Suggestions to any of these topics would be greatly appreciated. I am having difficult moving forward possibly due to preconceived misunderstandings about the difference between a set of contigs and a fully-aligned genome, a lack of me finding resources demonstrating the transition between SPAdes to MUMmer, and a lack of my understanding of determining the degree of similarity between these contig files.
Thank you for your helpful response @Joe. My advisor is looking into finding out more about the samples but believes they are likely from the same strain. As a result, I blasted some of the contigs from the sample and downloaded a possible reference genome (I'll call it h.fasta here).
I tried/researched several of your advice here.
1) I ran Quast on the contigs output from SPAdes and indeed, as you said, it looks like contig reordering is necessary. So, I wanted to use Mauve software to reorder the contigs against the h.fasta reference file. I tried to do that following these instructions (http://darlinglab.org/mauve/user-guide/reordering.html) by inputing the h.fasta reference file and the SPAdes output (contigs.fasta) file. Unfortunately, I received an error:
2) I guess at this point, I just want to see whether this reference h.fasta file seems legitimate for each of the four samples. I decided to then use BWA as follows:
Do you know of a quick way for me to check from these mapping results, whether the reference h.fasta may be appropriate for all four of these samples? It seems that QUAST also accepts .bed files and that I can continue BWA --> .SAM pathway above to also create a .bed file (http://seqanswers.com/forums/showthread.php?t=76018). So, should I create .bed files (BWA --> .sam --> .bam --> .bed) and then use that as input to QUAST? If not, what is a simple way for me to check the alignment quality of these four samples with the reference?
Hopefully, once I have that figured out, I can also try VarScan as you suggested or the viewer in Muave (which you also referred to). I apologize again if my questions are basic. I feel that, even after reading vignettes, I still stumble upon how to connect different software and pipelines. Thank you for any suggestions.

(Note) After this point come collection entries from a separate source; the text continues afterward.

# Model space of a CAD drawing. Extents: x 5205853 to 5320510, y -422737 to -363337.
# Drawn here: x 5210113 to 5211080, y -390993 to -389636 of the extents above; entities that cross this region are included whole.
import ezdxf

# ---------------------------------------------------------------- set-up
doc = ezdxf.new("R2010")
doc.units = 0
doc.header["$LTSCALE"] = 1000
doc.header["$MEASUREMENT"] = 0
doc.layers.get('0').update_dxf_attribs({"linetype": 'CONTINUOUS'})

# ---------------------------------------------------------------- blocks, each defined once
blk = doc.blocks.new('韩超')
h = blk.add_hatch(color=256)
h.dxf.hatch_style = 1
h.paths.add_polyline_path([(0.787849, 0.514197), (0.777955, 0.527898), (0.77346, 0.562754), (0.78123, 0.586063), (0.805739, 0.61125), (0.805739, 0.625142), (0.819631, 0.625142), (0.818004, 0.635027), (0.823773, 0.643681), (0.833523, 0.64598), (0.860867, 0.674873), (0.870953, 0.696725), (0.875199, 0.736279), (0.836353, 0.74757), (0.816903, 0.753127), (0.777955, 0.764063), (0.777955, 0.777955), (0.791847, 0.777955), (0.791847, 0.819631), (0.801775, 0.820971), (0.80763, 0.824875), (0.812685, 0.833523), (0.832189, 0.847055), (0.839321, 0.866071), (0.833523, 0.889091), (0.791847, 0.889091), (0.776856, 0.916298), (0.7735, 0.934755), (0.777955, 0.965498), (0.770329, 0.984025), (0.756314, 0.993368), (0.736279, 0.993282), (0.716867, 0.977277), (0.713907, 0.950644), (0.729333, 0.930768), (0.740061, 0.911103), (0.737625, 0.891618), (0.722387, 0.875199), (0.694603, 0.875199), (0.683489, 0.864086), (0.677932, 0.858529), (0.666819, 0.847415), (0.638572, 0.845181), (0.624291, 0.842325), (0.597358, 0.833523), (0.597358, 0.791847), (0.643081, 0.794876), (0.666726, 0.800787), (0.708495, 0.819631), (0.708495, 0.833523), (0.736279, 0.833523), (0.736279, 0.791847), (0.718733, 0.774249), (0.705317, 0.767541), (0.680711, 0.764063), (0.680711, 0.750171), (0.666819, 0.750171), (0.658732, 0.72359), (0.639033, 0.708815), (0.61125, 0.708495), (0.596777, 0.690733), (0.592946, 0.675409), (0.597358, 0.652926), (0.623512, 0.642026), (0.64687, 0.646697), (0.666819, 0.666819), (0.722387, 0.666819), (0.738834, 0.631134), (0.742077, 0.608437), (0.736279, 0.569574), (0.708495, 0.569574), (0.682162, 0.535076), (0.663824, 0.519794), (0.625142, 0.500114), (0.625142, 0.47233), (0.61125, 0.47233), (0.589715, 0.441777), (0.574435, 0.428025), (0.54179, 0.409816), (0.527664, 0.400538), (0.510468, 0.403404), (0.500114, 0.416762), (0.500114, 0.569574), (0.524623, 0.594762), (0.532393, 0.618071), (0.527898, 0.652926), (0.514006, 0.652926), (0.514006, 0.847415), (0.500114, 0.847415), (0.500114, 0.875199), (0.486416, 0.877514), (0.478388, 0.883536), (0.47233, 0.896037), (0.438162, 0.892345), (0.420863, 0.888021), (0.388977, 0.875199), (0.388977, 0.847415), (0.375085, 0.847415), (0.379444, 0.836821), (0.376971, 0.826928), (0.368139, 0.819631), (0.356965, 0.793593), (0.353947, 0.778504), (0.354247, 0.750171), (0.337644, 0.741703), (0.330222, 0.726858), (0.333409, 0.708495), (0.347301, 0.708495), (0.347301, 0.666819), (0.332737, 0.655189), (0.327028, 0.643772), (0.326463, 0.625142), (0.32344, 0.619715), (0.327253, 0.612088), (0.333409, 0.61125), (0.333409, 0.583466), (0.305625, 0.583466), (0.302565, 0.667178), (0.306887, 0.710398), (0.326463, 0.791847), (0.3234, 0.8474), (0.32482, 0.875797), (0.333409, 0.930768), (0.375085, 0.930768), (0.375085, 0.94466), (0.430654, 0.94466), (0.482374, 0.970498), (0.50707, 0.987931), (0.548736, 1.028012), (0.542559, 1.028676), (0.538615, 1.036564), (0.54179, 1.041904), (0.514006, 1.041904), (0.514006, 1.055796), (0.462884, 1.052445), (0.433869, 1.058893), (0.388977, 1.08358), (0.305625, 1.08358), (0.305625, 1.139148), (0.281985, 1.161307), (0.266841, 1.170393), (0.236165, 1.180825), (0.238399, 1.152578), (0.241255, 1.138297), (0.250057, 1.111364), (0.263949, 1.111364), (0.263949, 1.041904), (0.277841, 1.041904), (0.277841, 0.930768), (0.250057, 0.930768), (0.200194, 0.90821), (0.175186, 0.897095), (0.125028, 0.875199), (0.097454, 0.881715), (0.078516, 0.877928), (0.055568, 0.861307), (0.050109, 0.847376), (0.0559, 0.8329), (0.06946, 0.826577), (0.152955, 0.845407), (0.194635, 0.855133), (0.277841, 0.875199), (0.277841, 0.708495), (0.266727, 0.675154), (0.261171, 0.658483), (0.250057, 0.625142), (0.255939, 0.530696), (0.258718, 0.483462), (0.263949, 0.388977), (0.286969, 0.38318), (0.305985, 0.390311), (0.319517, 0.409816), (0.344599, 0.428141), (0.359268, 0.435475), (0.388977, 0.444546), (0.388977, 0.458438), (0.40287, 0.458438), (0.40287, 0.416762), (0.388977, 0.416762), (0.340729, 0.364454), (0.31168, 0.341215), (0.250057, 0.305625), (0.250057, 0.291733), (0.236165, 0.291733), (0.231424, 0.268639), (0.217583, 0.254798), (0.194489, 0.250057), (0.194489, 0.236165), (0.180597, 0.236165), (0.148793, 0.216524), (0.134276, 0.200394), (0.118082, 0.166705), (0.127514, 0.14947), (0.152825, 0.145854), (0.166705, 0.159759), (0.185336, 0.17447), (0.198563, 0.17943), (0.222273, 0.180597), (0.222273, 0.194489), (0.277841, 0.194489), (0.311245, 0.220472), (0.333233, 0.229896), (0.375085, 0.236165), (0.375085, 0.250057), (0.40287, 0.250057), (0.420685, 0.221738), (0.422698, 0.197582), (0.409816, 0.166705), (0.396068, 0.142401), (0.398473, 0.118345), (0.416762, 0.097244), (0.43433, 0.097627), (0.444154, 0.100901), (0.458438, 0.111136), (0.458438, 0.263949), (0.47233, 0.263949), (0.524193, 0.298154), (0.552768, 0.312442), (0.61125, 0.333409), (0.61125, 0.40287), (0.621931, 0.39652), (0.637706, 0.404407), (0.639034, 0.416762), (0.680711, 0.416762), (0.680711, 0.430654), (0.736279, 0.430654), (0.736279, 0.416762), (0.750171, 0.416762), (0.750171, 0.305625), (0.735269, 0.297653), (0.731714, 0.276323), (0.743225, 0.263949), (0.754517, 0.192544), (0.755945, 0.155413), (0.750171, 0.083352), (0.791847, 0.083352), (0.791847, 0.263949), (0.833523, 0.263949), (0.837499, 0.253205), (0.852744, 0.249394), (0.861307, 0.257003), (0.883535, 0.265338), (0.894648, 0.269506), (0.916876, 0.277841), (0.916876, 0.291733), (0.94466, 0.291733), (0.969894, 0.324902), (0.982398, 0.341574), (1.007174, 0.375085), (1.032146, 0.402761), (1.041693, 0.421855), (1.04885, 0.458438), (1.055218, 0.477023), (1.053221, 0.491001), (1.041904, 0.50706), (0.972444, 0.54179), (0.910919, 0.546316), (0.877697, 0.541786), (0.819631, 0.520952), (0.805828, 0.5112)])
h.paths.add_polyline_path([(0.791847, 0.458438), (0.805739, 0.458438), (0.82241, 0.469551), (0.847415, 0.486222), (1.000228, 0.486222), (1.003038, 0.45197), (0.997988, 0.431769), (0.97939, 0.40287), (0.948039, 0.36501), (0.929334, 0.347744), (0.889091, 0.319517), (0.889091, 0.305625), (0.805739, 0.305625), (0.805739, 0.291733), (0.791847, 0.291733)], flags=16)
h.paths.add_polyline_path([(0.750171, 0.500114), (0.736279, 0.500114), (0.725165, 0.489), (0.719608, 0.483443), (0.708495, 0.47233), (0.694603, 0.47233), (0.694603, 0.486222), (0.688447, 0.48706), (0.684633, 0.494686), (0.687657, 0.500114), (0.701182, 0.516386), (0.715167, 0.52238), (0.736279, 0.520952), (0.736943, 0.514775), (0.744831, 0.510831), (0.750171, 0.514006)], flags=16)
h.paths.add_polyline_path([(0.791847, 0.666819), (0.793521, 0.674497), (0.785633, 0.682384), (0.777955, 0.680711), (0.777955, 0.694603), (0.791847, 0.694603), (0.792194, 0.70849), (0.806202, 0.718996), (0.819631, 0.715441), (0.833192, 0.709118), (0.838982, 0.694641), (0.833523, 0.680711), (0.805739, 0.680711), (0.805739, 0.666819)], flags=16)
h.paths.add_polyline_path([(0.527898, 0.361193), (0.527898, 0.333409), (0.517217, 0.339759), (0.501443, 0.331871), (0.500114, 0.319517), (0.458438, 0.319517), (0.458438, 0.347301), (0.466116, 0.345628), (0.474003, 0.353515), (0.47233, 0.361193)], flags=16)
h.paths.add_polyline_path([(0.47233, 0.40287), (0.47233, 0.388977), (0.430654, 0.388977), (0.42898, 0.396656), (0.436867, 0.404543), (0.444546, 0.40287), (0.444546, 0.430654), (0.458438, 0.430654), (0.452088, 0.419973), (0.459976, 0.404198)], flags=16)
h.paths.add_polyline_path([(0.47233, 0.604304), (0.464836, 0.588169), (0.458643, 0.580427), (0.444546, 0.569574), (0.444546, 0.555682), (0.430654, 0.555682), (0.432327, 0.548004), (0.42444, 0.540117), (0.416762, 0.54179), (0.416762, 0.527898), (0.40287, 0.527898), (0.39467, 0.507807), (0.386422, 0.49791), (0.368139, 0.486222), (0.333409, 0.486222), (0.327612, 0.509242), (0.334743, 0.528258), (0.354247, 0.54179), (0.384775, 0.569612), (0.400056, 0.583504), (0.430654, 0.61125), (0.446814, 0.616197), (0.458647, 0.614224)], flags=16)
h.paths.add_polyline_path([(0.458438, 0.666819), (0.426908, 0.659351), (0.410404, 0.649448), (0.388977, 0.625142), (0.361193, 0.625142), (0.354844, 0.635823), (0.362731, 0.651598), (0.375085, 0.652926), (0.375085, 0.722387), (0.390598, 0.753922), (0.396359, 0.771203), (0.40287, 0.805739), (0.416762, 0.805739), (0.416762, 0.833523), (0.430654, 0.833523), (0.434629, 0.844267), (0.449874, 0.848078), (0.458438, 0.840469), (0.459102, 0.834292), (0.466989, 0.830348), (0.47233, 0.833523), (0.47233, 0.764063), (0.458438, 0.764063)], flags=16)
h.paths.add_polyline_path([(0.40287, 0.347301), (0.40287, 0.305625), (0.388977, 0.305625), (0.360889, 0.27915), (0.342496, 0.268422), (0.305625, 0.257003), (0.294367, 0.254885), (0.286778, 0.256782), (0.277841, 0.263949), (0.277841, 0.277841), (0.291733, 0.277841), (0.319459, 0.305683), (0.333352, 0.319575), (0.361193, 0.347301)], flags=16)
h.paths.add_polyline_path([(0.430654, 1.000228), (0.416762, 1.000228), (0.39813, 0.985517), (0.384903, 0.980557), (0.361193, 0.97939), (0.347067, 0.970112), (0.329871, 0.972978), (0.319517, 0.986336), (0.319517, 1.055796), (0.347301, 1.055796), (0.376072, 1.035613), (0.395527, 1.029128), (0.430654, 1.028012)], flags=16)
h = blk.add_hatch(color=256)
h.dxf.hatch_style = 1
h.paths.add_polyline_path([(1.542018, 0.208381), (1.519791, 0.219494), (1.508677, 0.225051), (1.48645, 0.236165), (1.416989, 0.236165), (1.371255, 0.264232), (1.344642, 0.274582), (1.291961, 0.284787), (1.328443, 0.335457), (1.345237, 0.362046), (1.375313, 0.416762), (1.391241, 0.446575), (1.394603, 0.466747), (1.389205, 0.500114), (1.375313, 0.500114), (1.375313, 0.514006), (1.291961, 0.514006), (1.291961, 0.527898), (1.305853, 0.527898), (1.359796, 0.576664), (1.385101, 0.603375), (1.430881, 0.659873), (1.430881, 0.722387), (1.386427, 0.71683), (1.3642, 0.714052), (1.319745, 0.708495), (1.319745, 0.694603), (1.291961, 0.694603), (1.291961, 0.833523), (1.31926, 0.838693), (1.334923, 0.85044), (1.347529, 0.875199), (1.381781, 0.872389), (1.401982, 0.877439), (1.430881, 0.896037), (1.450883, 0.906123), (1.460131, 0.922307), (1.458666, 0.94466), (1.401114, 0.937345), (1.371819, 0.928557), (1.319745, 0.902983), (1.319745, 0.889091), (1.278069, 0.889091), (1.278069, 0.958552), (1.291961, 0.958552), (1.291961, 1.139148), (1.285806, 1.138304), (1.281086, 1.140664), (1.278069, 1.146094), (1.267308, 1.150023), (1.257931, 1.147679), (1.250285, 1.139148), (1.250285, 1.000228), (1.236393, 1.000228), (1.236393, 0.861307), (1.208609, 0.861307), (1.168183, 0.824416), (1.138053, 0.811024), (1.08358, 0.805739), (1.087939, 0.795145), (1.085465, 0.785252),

For point 1), I’m not sure what’s happening with that error. I’m not that great with Java, so it could be anything AFAIK. Are you using a recent version? (Mauve isn’t my favourite tool, but I don’t know a better contig mover personally).
For 2), I would simply check all the mapping stats with Qualimap. If you have high numbers of mapped reads (95%+ or similar), then its likely a good reference. Quast is more for assembly analysis, Qualimap is for mapping quality (which you just need an indexed & sorted SAM/BAM for).
You may need to permit BWA to have some relaxed mapping settings if you’re trying to identify variants (allow one or more mismatches etc). This is really a trial and error process though, so I would just experiment and see what the numbers look like.